** Records for this exercise follows **

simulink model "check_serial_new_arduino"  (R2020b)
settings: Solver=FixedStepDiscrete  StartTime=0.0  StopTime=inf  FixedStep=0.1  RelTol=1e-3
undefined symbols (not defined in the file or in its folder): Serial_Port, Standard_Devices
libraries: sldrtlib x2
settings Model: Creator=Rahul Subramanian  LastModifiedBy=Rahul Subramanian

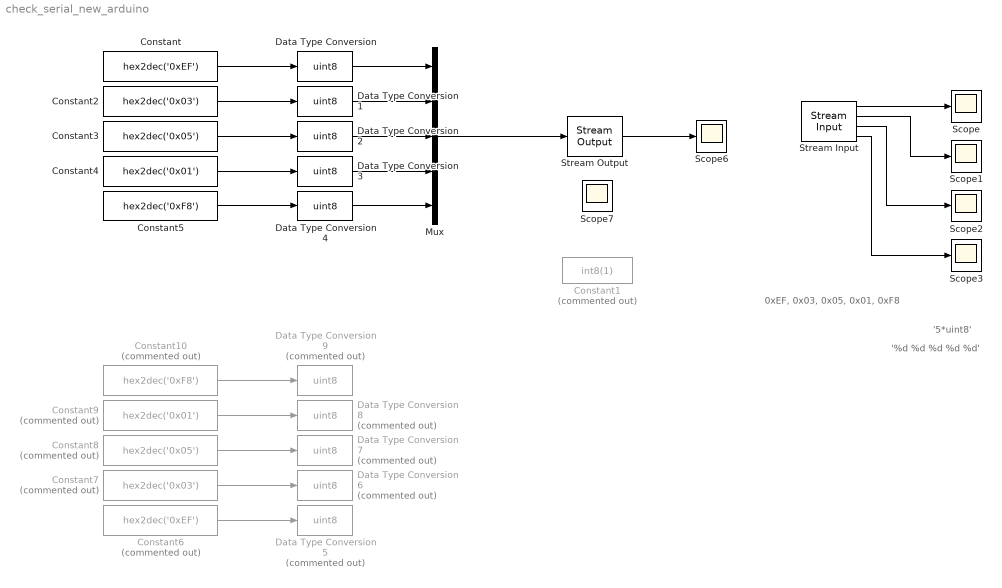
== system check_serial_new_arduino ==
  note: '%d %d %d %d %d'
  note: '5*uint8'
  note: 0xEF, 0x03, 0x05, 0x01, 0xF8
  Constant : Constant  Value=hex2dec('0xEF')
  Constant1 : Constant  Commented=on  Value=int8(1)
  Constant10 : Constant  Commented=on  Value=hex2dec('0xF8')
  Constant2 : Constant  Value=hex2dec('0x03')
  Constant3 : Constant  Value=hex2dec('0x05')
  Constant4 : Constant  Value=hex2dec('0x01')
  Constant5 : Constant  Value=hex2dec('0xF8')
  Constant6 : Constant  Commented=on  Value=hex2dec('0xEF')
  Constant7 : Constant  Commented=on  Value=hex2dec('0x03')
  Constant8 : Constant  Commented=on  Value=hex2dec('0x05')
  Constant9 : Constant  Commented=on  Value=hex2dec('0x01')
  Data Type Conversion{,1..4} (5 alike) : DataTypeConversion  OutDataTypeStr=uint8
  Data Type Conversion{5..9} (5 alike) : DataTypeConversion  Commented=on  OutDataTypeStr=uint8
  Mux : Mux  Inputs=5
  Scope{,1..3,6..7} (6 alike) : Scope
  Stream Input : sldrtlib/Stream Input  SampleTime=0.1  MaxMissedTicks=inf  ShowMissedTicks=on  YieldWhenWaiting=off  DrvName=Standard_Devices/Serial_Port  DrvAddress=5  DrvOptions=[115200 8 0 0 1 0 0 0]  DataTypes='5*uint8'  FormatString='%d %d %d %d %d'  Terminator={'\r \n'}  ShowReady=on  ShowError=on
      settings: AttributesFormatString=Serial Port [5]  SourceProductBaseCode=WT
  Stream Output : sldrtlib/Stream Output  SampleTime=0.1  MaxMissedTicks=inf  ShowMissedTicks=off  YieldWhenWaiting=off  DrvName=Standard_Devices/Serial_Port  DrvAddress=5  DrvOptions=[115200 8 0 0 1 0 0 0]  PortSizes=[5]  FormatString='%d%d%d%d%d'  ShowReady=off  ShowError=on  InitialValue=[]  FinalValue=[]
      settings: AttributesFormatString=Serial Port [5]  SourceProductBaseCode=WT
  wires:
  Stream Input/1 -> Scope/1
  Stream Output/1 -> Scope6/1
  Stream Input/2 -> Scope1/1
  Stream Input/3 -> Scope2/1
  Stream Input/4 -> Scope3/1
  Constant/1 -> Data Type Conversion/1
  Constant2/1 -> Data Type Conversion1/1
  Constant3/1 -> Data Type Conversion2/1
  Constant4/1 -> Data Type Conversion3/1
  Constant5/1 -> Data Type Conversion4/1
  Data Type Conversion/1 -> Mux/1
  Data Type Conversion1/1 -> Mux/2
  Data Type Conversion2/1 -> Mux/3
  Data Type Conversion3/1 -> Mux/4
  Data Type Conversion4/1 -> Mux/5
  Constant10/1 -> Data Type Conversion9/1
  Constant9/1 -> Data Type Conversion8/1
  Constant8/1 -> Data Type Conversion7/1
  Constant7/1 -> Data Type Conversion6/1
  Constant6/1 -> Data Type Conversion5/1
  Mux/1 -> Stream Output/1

** End of Records for this exercise **

• **Problem statement**:
How many of the lines in the data above carry the word "alike"? Say the number and nothing else.

• **Your solution**:
3